Walnuts
Walnuts are a rich source of omega-3 fatty acids, which support brain, cardiovascular and digestive health.
Walnuts also contain high levels of polyphenols in the group of nuts. These compounds help balance the gut microbiome, support smooth digestion and limit constipation due to microbial imbalance.
A serving of about 28 grams of walnuts provides nearly 2 grams of fiber and about 10% of daily magnesium needs - a mineral associated with supporting bowel movements.
You can sprinkle walnuts on yogurt, oatmeal, salad, or cereal dishes. In addition, ground walnuts can also be used as a meat substitute in some vegetable dishes or as a seasoning for dips and sauces.
Funny pistachios
Nuts are a source of fiber, especially unsaturated fiber. This type of fiber helps increase stool volume, supports digestion and contributes to preventing constipation.
Nuts can also promote the production of butyrate - an important compound that helps nourish beneficial bacteria in the intestines and maintain a healthy digestive environment.

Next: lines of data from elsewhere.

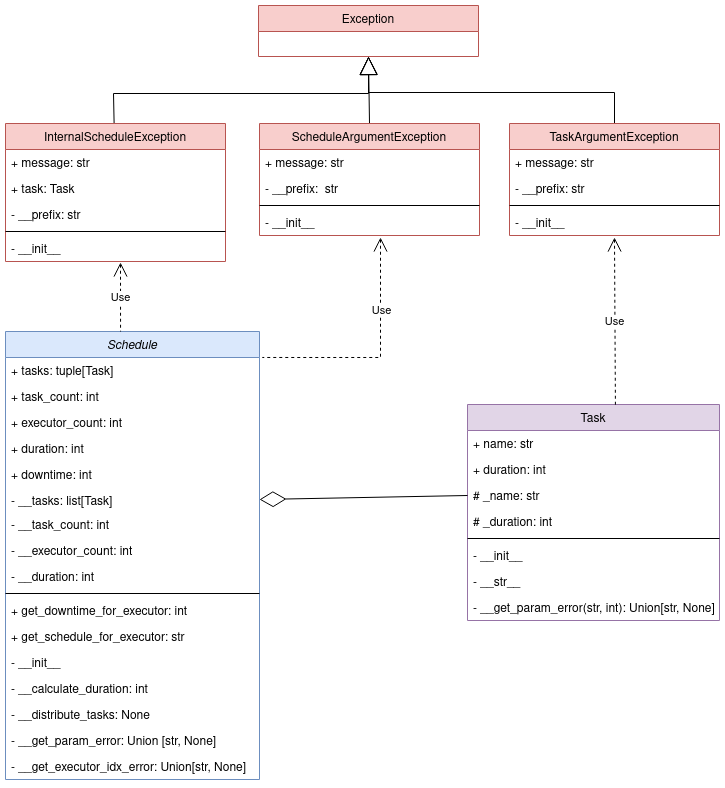

The diagram above was exported from draw.io. Its source (the exported page's mxGraphModel, read from the mxfile embedded in the PNG):
<mxGraphModel dx="1422" dy="745" grid="0" gridSize="10" guides="1" tooltips="1" connect="1" arrows="1" fold="1" page="1" pageScale="1" pageWidth="1169" pageHeight="827" math="0" shadow="0">
  <root>
    <mxCell id="0" />
    <mxCell id="1" parent="0" />
    <mxCell id="4B7a7f4YRV0F5M0d-VrO-1" value="Schedule" style="swimlane;fontStyle=2;align=center;verticalAlign=top;childLayout=stackLayout;horizontal=1;startSize=26;horizontalStack=0;resizeParent=1;resizeLast=0;collapsible=1;marginBottom=0;rounded=0;shadow=0;strokeWidth=1;fillColor=#dae8fc;strokeColor=#6c8ebf;" parent="1" vertex="1">
      <mxGeometry x="12" y="337" width="254" height="448" as="geometry">
        <mxRectangle x="190" y="120" width="160" height="26" as="alternateBounds" />
      </mxGeometry>
    </mxCell>
    <mxCell id="4B7a7f4YRV0F5M0d-VrO-2" value="+ tasks: tuple[Task]" style="text;align=left;verticalAlign=top;spacingLeft=4;spacingRight=4;overflow=hidden;rotatable=0;points=[[0,0.5],[1,0.5]];portConstraint=eastwest;" parent="4B7a7f4YRV0F5M0d-VrO-1" vertex="1">
      <mxGeometry y="26" width="254" height="26" as="geometry" />
    </mxCell>
    <mxCell id="4B7a7f4YRV0F5M0d-VrO-3" value="+ task_count: int" style="text;align=left;verticalAlign=top;spacingLeft=4;spacingRight=4;overflow=hidden;rotatable=0;points=[[0,0.5],[1,0.5]];portConstraint=eastwest;" parent="4B7a7f4YRV0F5M0d-VrO-1" vertex="1">
      <mxGeometry y="52" width="254" height="26" as="geometry" />
    </mxCell>
    <mxCell id="4B7a7f4YRV0F5M0d-VrO-4" value="+ executor_count: int" style="text;align=left;verticalAlign=top;spacingLeft=4;spacingRight=4;overflow=hidden;rotatable=0;points=[[0,0.5],[1,0.5]];portConstraint=eastwest;" parent="4B7a7f4YRV0F5M0d-VrO-1" vertex="1">
      <mxGeometry y="78" width="254" height="26" as="geometry" />
    </mxCell>
    <mxCell id="4B7a7f4YRV0F5M0d-VrO-5" value="+ duration: int" style="text;align=left;verticalAlign=top;spacingLeft=4;spacingRight=4;overflow=hidden;rotatable=0;points=[[0,0.5],[1,0.5]];portConstraint=eastwest;" parent="4B7a7f4YRV0F5M0d-VrO-1" vertex="1">
      <mxGeometry y="104" width="254" height="26" as="geometry" />
    </mxCell>
    <mxCell id="4B7a7f4YRV0F5M0d-VrO-6" value="+ downtime: int" style="text;align=left;verticalAlign=top;spacingLeft=4;spacingRight=4;overflow=hidden;rotatable=0;points=[[0,0.5],[1,0.5]];portConstraint=eastwest;" parent="4B7a7f4YRV0F5M0d-VrO-1" vertex="1">
      <mxGeometry y="130" width="254" height="26" as="geometry" />
    </mxCell>
    <mxCell id="4B7a7f4YRV0F5M0d-VrO-7" value="- __tasks: list[Task]" style="text;align=left;verticalAlign=top;spacingLeft=4;spacingRight=4;overflow=hidden;rotatable=0;points=[[0,0.5],[1,0.5]];portConstraint=eastwest;" parent="4B7a7f4YRV0F5M0d-VrO-1" vertex="1">
      <mxGeometry y="156" width="254" height="24" as="geometry" />
    </mxCell>
    <mxCell id="4B7a7f4YRV0F5M0d-VrO-8" value="- __task_count: int" style="text;align=left;verticalAlign=top;spacingLeft=4;spacingRight=4;overflow=hidden;rotatable=0;points=[[0,0.5],[1,0.5]];portConstraint=eastwest;rounded=0;shadow=0;html=0;" parent="4B7a7f4YRV0F5M0d-VrO-1" vertex="1">
      <mxGeometry y="180" width="254" height="26" as="geometry" />
    </mxCell>
    <mxCell id="4B7a7f4YRV0F5M0d-VrO-9" value="- __executor_count: int" style="text;align=left;verticalAlign=top;spacingLeft=4;spacingRight=4;overflow=hidden;rotatable=0;points=[[0,0.5],[1,0.5]];portConstraint=eastwest;rounded=0;shadow=0;html=0;" parent="4B7a7f4YRV0F5M0d-VrO-1" vertex="1">
      <mxGeometry y="206" width="254" height="26" as="geometry" />
    </mxCell>
    <mxCell id="4B7a7f4YRV0F5M0d-VrO-10" value="- __duration: int" style="text;align=left;verticalAlign=top;spacingLeft=4;spacingRight=4;overflow=hidden;rotatable=0;points=[[0,0.5],[1,0.5]];portConstraint=eastwest;fontColor=default;" parent="4B7a7f4YRV0F5M0d-VrO-1" vertex="1">
      <mxGeometry y="232" width="254" height="26" as="geometry" />
    </mxCell>
    <mxCell id="4B7a7f4YRV0F5M0d-VrO-11" value="" style="line;html=1;strokeWidth=1;align=left;verticalAlign=middle;spacingTop=-1;spacingLeft=3;spacingRight=3;rotatable=0;labelPosition=right;points=[];portConstraint=eastwest;" parent="4B7a7f4YRV0F5M0d-VrO-1" vertex="1">
      <mxGeometry y="258" width="254" height="8" as="geometry" />
    </mxCell>
    <mxCell id="4B7a7f4YRV0F5M0d-VrO-12" value="+ get_downtime_for_executor: int" style="text;align=left;verticalAlign=top;spacingLeft=4;spacingRight=4;overflow=hidden;rotatable=0;points=[[0,0.5],[1,0.5]];portConstraint=eastwest;" parent="4B7a7f4YRV0F5M0d-VrO-1" vertex="1">
      <mxGeometry y="266" width="254" height="26" as="geometry" />
    </mxCell>
    <mxCell id="4B7a7f4YRV0F5M0d-VrO-13" value="+ get_schedule_for_executor: str" style="text;align=left;verticalAlign=top;spacingLeft=4;spacingRight=4;overflow=hidden;rotatable=0;points=[[0,0.5],[1,0.5]];portConstraint=eastwest;" parent="4B7a7f4YRV0F5M0d-VrO-1" vertex="1">
      <mxGeometry y="292" width="254" height="26" as="geometry" />
    </mxCell>
    <mxCell id="4B7a7f4YRV0F5M0d-VrO-14" value="- __init__" style="text;align=left;verticalAlign=top;spacingLeft=4;spacingRight=4;overflow=hidden;rotatable=0;points=[[0,0.5],[1,0.5]];portConstraint=eastwest;" parent="4B7a7f4YRV0F5M0d-VrO-1" vertex="1">
      <mxGeometry y="318" width="254" height="26" as="geometry" />
    </mxCell>
    <mxCell id="4B7a7f4YRV0F5M0d-VrO-15" value="- __calculate_duration: int" style="text;align=left;verticalAlign=top;spacingLeft=4;spacingRight=4;overflow=hidden;rotatable=0;points=[[0,0.5],[1,0.5]];portConstraint=eastwest;" parent="4B7a7f4YRV0F5M0d-VrO-1" vertex="1">
      <mxGeometry y="344" width="254" height="26" as="geometry" />
    </mxCell>
    <mxCell id="4B7a7f4YRV0F5M0d-VrO-16" value="- __distribute_tasks: None" style="text;align=left;verticalAlign=top;spacingLeft=4;spacingRight=4;overflow=hidden;rotatable=0;points=[[0,0.5],[1,0.5]];portConstraint=eastwest;" parent="4B7a7f4YRV0F5M0d-VrO-1" vertex="1">
      <mxGeometry y="370" width="254" height="26" as="geometry" />
    </mxCell>
    <mxCell id="4B7a7f4YRV0F5M0d-VrO-17" value="- __get_param_error: Union [str, None]" style="text;align=left;verticalAlign=top;spacingLeft=4;spacingRight=4;overflow=hidden;rotatable=0;points=[[0,0.5],[1,0.5]];portConstraint=eastwest;" parent="4B7a7f4YRV0F5M0d-VrO-1" vertex="1">
      <mxGeometry y="396" width="254" height="26" as="geometry" />
    </mxCell>
    <mxCell id="4B7a7f4YRV0F5M0d-VrO-18" value="- __get_executor_idx_error: Union[str, None]" style="text;align=left;verticalAlign=top;spacingLeft=4;spacingRight=4;overflow=hidden;rotatable=0;points=[[0,0.5],[1,0.5]];portConstraint=eastwest;" parent="4B7a7f4YRV0F5M0d-VrO-1" vertex="1">
      <mxGeometry y="422" width="254" height="26" as="geometry" />
    </mxCell>
    <mxCell id="4B7a7f4YRV0F5M0d-VrO-19" style="endArrow=block;endSize=16;endFill=0;html=1;rounded=0;entryX=0.5;entryY=1;entryDx=0;entryDy=0;exitX=0.5;exitY=0;exitDx=0;exitDy=0;" parent="1" source="4B7a7f4YRV0F5M0d-VrO-20" target="4B7a7f4YRV0F5M0d-VrO-46" edge="1">
      <mxGeometry relative="1" as="geometry">
        <Array as="points">
          <mxPoint x="621" y="98" />
          <mxPoint x="375" y="98" />
        </Array>
        <mxPoint x="376" y="317" as="targetPoint" />
      </mxGeometry>
    </mxCell>
    <mxCell id="4B7a7f4YRV0F5M0d-VrO-20" value="TaskArgumentException" style="swimlane;fontStyle=0;align=center;verticalAlign=top;childLayout=stackLayout;horizontal=1;startSize=26;horizontalStack=0;resizeParent=1;resizeLast=0;collapsible=1;marginBottom=0;rounded=0;shadow=0;strokeWidth=1;fillColor=#f8cecc;strokeColor=#b85450;" parent="1" vertex="1">
      <mxGeometry x="516" y="129" width="210" height="112" as="geometry">
        <mxRectangle x="130" y="380" width="160" height="26" as="alternateBounds" />
      </mxGeometry>
    </mxCell>
    <mxCell id="4B7a7f4YRV0F5M0d-VrO-21" value="+ message: str" style="text;align=left;verticalAlign=top;spacingLeft=4;spacingRight=4;overflow=hidden;rotatable=0;points=[[0,0.5],[1,0.5]];portConstraint=eastwest;" parent="4B7a7f4YRV0F5M0d-VrO-20" vertex="1">
      <mxGeometry y="26" width="210" height="26" as="geometry" />
    </mxCell>
    <mxCell id="4B7a7f4YRV0F5M0d-VrO-22" value="- __prefix: str" style="text;align=left;verticalAlign=top;spacingLeft=4;spacingRight=4;overflow=hidden;rotatable=0;points=[[0,0.5],[1,0.5]];portConstraint=eastwest;fontStyle=0" parent="4B7a7f4YRV0F5M0d-VrO-20" vertex="1">
      <mxGeometry y="52" width="210" height="26" as="geometry" />
    </mxCell>
    <mxCell id="4B7a7f4YRV0F5M0d-VrO-23" value="" style="line;html=1;strokeWidth=1;align=left;verticalAlign=middle;spacingTop=-1;spacingLeft=3;spacingRight=3;rotatable=0;labelPosition=right;points=[];portConstraint=eastwest;" parent="4B7a7f4YRV0F5M0d-VrO-20" vertex="1">
      <mxGeometry y="78" width="210" height="8" as="geometry" />
    </mxCell>
    <mxCell id="4B7a7f4YRV0F5M0d-VrO-24" value="- __init__" style="text;align=left;verticalAlign=top;spacingLeft=4;spacingRight=4;overflow=hidden;rotatable=0;points=[[0,0.5],[1,0.5]];portConstraint=eastwest;" parent="4B7a7f4YRV0F5M0d-VrO-20" vertex="1">
      <mxGeometry y="86" width="210" height="26" as="geometry" />
    </mxCell>
    <mxCell id="4B7a7f4YRV0F5M0d-VrO-25" value="Task" style="swimlane;fontStyle=0;align=center;verticalAlign=top;childLayout=stackLayout;horizontal=1;startSize=26;horizontalStack=0;resizeParent=1;resizeLast=0;collapsible=1;marginBottom=0;rounded=0;shadow=0;strokeWidth=1;fillColor=#e1d5e7;strokeColor=#9673a6;" parent="1" vertex="1">
      <mxGeometry x="474" y="410" width="252" height="216" as="geometry">
        <mxRectangle x="550" y="140" width="160" height="26" as="alternateBounds" />
      </mxGeometry>
    </mxCell>
    <mxCell id="4B7a7f4YRV0F5M0d-VrO-26" value="+ name: str" style="text;align=left;verticalAlign=top;spacingLeft=4;spacingRight=4;overflow=hidden;rotatable=0;points=[[0,0.5],[1,0.5]];portConstraint=eastwest;rounded=0;shadow=0;html=0;" parent="4B7a7f4YRV0F5M0d-VrO-25" vertex="1">
      <mxGeometry y="26" width="252" height="26" as="geometry" />
    </mxCell>
    <mxCell id="4B7a7f4YRV0F5M0d-VrO-27" value="+ duration: int" style="text;align=left;verticalAlign=top;spacingLeft=4;spacingRight=4;overflow=hidden;rotatable=0;points=[[0,0.5],[1,0.5]];portConstraint=eastwest;rounded=0;shadow=0;html=0;" parent="4B7a7f4YRV0F5M0d-VrO-25" vertex="1">
      <mxGeometry y="52" width="252" height="26" as="geometry" />
    </mxCell>
    <mxCell id="4B7a7f4YRV0F5M0d-VrO-28" value="# _name: str" style="text;align=left;verticalAlign=top;spacingLeft=4;spacingRight=4;overflow=hidden;rotatable=0;points=[[0,0.5],[1,0.5]];portConstraint=eastwest;rounded=0;shadow=0;html=0;" parent="4B7a7f4YRV0F5M0d-VrO-25" vertex="1">
      <mxGeometry y="78" width="252" height="26" as="geometry" />
    </mxCell>
    <mxCell id="4B7a7f4YRV0F5M0d-VrO-29" value="# _duration: int" style="text;align=left;verticalAlign=top;spacingLeft=4;spacingRight=4;overflow=hidden;rotatable=0;points=[[0,0.5],[1,0.5]];portConstraint=eastwest;rounded=0;shadow=0;html=0;" parent="4B7a7f4YRV0F5M0d-VrO-25" vertex="1">
      <mxGeometry y="104" width="252" height="26" as="geometry" />
    </mxCell>
    <mxCell id="4B7a7f4YRV0F5M0d-VrO-30" value="" style="line;html=1;strokeWidth=1;align=left;verticalAlign=middle;spacingTop=-1;spacingLeft=3;spacingRight=3;rotatable=0;labelPosition=right;points=[];portConstraint=eastwest;" parent="4B7a7f4YRV0F5M0d-VrO-25" vertex="1">
      <mxGeometry y="130" width="252" height="8" as="geometry" />
    </mxCell>
    <mxCell id="4B7a7f4YRV0F5M0d-VrO-31" value="- __init__" style="text;align=left;verticalAlign=top;spacingLeft=4;spacingRight=4;overflow=hidden;rotatable=0;points=[[0,0.5],[1,0.5]];portConstraint=eastwest;" parent="4B7a7f4YRV0F5M0d-VrO-25" vertex="1">
      <mxGeometry y="138" width="252" height="26" as="geometry" />
    </mxCell>
    <mxCell id="4B7a7f4YRV0F5M0d-VrO-32" value="- __str__" style="text;align=left;verticalAlign=top;spacingLeft=4;spacingRight=4;overflow=hidden;rotatable=0;points=[[0,0.5],[1,0.5]];portConstraint=eastwest;" parent="4B7a7f4YRV0F5M0d-VrO-25" vertex="1">
      <mxGeometry y="164" width="252" height="26" as="geometry" />
    </mxCell>
    <mxCell id="4B7a7f4YRV0F5M0d-VrO-33" value="- __get_param_error(str, int): Union[str, None]" style="text;align=left;verticalAlign=top;spacingLeft=4;spacingRight=4;overflow=hidden;rotatable=0;points=[[0,0.5],[1,0.5]];portConstraint=eastwest;" parent="4B7a7f4YRV0F5M0d-VrO-25" vertex="1">
      <mxGeometry y="190" width="252" height="26" as="geometry" />
    </mxCell>
    <mxCell id="4B7a7f4YRV0F5M0d-VrO-34" style="endArrow=block;endSize=16;endFill=0;html=1;rounded=0;exitX=0.5;exitY=0;exitDx=0;exitDy=0;entryX=0.5;entryY=1;entryDx=0;entryDy=0;" parent="1" source="4B7a7f4YRV0F5M0d-VrO-35" target="4B7a7f4YRV0F5M0d-VrO-46" edge="1">
      <mxGeometry relative="1" as="geometry">
        <mxPoint x="376" y="317" as="targetPoint" />
      </mxGeometry>
    </mxCell>
    <mxCell id="4B7a7f4YRV0F5M0d-VrO-35" value="ScheduleArgumentException" style="swimlane;fontStyle=0;align=center;verticalAlign=top;childLayout=stackLayout;horizontal=1;startSize=26;horizontalStack=0;resizeParent=1;resizeLast=0;collapsible=1;marginBottom=0;rounded=0;shadow=0;strokeWidth=1;fillColor=#f8cecc;strokeColor=#b85450;" parent="1" vertex="1">
      <mxGeometry x="266" y="129" width="220" height="112" as="geometry">
        <mxRectangle x="130" y="380" width="160" height="26" as="alternateBounds" />
      </mxGeometry>
    </mxCell>
    <mxCell id="4B7a7f4YRV0F5M0d-VrO-36" value="+ message: str" style="text;align=left;verticalAlign=top;spacingLeft=4;spacingRight=4;overflow=hidden;rotatable=0;points=[[0,0.5],[1,0.5]];portConstraint=eastwest;" parent="4B7a7f4YRV0F5M0d-VrO-35" vertex="1">
      <mxGeometry y="26" width="220" height="26" as="geometry" />
    </mxCell>
    <mxCell id="4B7a7f4YRV0F5M0d-VrO-37" value="- __prefix:  str" style="text;align=left;verticalAlign=top;spacingLeft=4;spacingRight=4;overflow=hidden;rotatable=0;points=[[0,0.5],[1,0.5]];portConstraint=eastwest;fontStyle=0" parent="4B7a7f4YRV0F5M0d-VrO-35" vertex="1">
      <mxGeometry y="52" width="220" height="26" as="geometry" />
    </mxCell>
    <mxCell id="4B7a7f4YRV0F5M0d-VrO-38" value="" style="line;html=1;strokeWidth=1;align=left;verticalAlign=middle;spacingTop=-1;spacingLeft=3;spacingRight=3;rotatable=0;labelPosition=right;points=[];portConstraint=eastwest;" parent="4B7a7f4YRV0F5M0d-VrO-35" vertex="1">
      <mxGeometry y="78" width="220" height="8" as="geometry" />
    </mxCell>
    <mxCell id="4B7a7f4YRV0F5M0d-VrO-39" value="- __init__" style="text;align=left;verticalAlign=top;spacingLeft=4;spacingRight=4;overflow=hidden;rotatable=0;points=[[0,0.5],[1,0.5]];portConstraint=eastwest;fontStyle=0" parent="4B7a7f4YRV0F5M0d-VrO-35" vertex="1">
      <mxGeometry y="86" width="220" height="26" as="geometry" />
    </mxCell>
    <mxCell id="4B7a7f4YRV0F5M0d-VrO-40" style="endArrow=block;endSize=16;endFill=0;html=1;rounded=0;entryX=0.5;entryY=1;entryDx=0;entryDy=0;" parent="1" source="4B7a7f4YRV0F5M0d-VrO-41" target="4B7a7f4YRV0F5M0d-VrO-46" edge="1">
      <mxGeometry relative="1" as="geometry">
        <Array as="points">
          <mxPoint x="120" y="99" />
          <mxPoint x="375" y="99" />
        </Array>
        <mxPoint x="376" y="317" as="targetPoint" />
      </mxGeometry>
    </mxCell>
    <mxCell id="4B7a7f4YRV0F5M0d-VrO-41" value="InternalScheduleException" style="swimlane;fontStyle=0;align=center;verticalAlign=top;childLayout=stackLayout;horizontal=1;startSize=26;horizontalStack=0;resizeParent=1;resizeLast=0;collapsible=1;marginBottom=0;rounded=0;shadow=0;strokeWidth=1;fillColor=#f8cecc;strokeColor=#b85450;" parent="1" vertex="1">
      <mxGeometry x="12" y="129" width="220" height="138" as="geometry">
        <mxRectangle x="130" y="380" width="160" height="26" as="alternateBounds" />
      </mxGeometry>
    </mxCell>
    <mxCell id="4B7a7f4YRV0F5M0d-VrO-42" value="+ message: str" style="text;align=left;verticalAlign=top;spacingLeft=4;spacingRight=4;overflow=hidden;rotatable=0;points=[[0,0.5],[1,0.5]];portConstraint=eastwest;" parent="4B7a7f4YRV0F5M0d-VrO-41" vertex="1">
      <mxGeometry y="26" width="220" height="26" as="geometry" />
    </mxCell>
    <mxCell id="3-i9ECpjh-nMBmW8EozZ-2" value="+ task: Task" style="text;align=left;verticalAlign=top;spacingLeft=4;spacingRight=4;overflow=hidden;rotatable=0;points=[[0,0.5],[1,0.5]];portConstraint=eastwest;" vertex="1" parent="4B7a7f4YRV0F5M0d-VrO-41">
      <mxGeometry y="52" width="220" height="26" as="geometry" />
    </mxCell>
    <mxCell id="4B7a7f4YRV0F5M0d-VrO-43" value="- __prefix: str" style="text;align=left;verticalAlign=top;spacingLeft=4;spacingRight=4;overflow=hidden;rotatable=0;points=[[0,0.5],[1,0.5]];portConstraint=eastwest;fontStyle=0" parent="4B7a7f4YRV0F5M0d-VrO-41" vertex="1">
      <mxGeometry y="78" width="220" height="26" as="geometry" />
    </mxCell>
    <mxCell id="4B7a7f4YRV0F5M0d-VrO-44" value="" style="line;html=1;strokeWidth=1;align=left;verticalAlign=middle;spacingTop=-1;spacingLeft=3;spacingRight=3;rotatable=0;labelPosition=right;points=[];portConstraint=eastwest;" parent="4B7a7f4YRV0F5M0d-VrO-41" vertex="1">
      <mxGeometry y="104" width="220" height="8" as="geometry" />
    </mxCell>
    <mxCell id="4B7a7f4YRV0F5M0d-VrO-45" value="- __init__" style="text;align=left;verticalAlign=top;spacingLeft=4;spacingRight=4;overflow=hidden;rotatable=0;points=[[0,0.5],[1,0.5]];portConstraint=eastwest;fontStyle=0" parent="4B7a7f4YRV0F5M0d-VrO-41" vertex="1">
      <mxGeometry y="112" width="220" height="26" as="geometry" />
    </mxCell>
    <mxCell id="4B7a7f4YRV0F5M0d-VrO-46" value="Exception" style="swimlane;fontStyle=0;align=center;verticalAlign=top;childLayout=stackLayout;horizontal=1;startSize=26;horizontalStack=0;resizeParent=1;resizeLast=0;collapsible=1;marginBottom=0;rounded=0;shadow=0;strokeWidth=1;fillColor=#f8cecc;strokeColor=#b85450;" parent="1" vertex="1">
      <mxGeometry x="265" y="11" width="220" height="51" as="geometry">
        <mxRectangle x="130" y="380" width="160" height="26" as="alternateBounds" />
      </mxGeometry>
    </mxCell>
    <mxCell id="4B7a7f4YRV0F5M0d-VrO-47" value="" style="endArrow=diamondThin;endFill=0;endSize=24;html=1;rounded=0;exitX=0;exitY=0.5;exitDx=0;exitDy=0;entryX=1;entryY=0.5;entryDx=0;entryDy=0;" parent="1" source="4B7a7f4YRV0F5M0d-VrO-28" target="4B7a7f4YRV0F5M0d-VrO-7" edge="1">
      <mxGeometry width="160" relative="1" as="geometry">
        <mxPoint x="460" y="627" as="sourcePoint" />
        <mxPoint x="620" y="627" as="targetPoint" />
      </mxGeometry>
    </mxCell>
    <mxCell id="4B7a7f4YRV0F5M0d-VrO-48" value="Use" style="endArrow=none;endSize=12;dashed=1;html=1;rounded=0;exitX=0.5;exitY=1;exitDx=0;exitDy=0;startArrow=open;startFill=0;startSize=12;endFill=0;entryX=0.587;entryY=0.005;entryDx=0;entryDy=0;entryPerimeter=0;" parent="1" target="4B7a7f4YRV0F5M0d-VrO-25" edge="1">
      <mxGeometry width="160" relative="1" as="geometry">
        <mxPoint x="621" y="243" as="sourcePoint" />
        <mxPoint x="653.9920000000002" y="687.366" as="targetPoint" />
      </mxGeometry>
    </mxCell>
    <mxCell id="4B7a7f4YRV0F5M0d-VrO-49" value="Use" style="endArrow=none;endSize=12;dashed=1;html=1;rounded=0;exitX=0.55;exitY=1.077;exitDx=0;exitDy=0;entryX=1.011;entryY=0.058;entryDx=0;entryDy=0;exitPerimeter=0;entryPerimeter=0;startArrow=open;startFill=0;startSize=12;endFill=0;" parent="1" source="4B7a7f4YRV0F5M0d-VrO-39" target="4B7a7f4YRV0F5M0d-VrO-1" edge="1">
      <mxGeometry x="-0.3889" y="1" width="160" relative="1" as="geometry">
        <mxPoint x="420" y="747" as="sourcePoint" />
        <mxPoint x="580" y="747" as="targetPoint" />
        <Array as="points">
          <mxPoint x="387" y="363" />
        </Array>
        <mxPoint as="offset" />
      </mxGeometry>
    </mxCell>
    <mxCell id="4B7a7f4YRV0F5M0d-VrO-50" value="Use" style="endArrow=none;endSize=12;dashed=1;html=1;rounded=0;entryX=0.453;entryY=0;entryDx=0;entryDy=0;entryPerimeter=0;startArrow=open;startFill=0;startSize=12;endFill=0;" parent="1" edge="1" target="4B7a7f4YRV0F5M0d-VrO-1">
      <mxGeometry width="160" relative="1" as="geometry">
        <mxPoint x="127" y="268" as="sourcePoint" />
        <mxPoint x="156" y="787" as="targetPoint" />
      </mxGeometry>
    </mxCell>
  </root>
</mxGraphModel>

When the gut microbiome is balanced, intestinal peristaltism also functions more stably.
Almonds
Almonds are one of the fiber-rich nuts, with about 4 grams of fiber per 28 gram serving. This type of nut can support the gut microbiome by promoting the production of short-chain fatty acids - important compounds that help maintain the health of the intestinal mucosa.
Almonds also provide about 20% of daily magnesium needs. This mineral helps the intestines retain water better, thereby supporting smooth bowel movements.
Almonds can be eaten directly, mixed into salads, yogurt, smoothies or used in energy-rich desserts and snacks.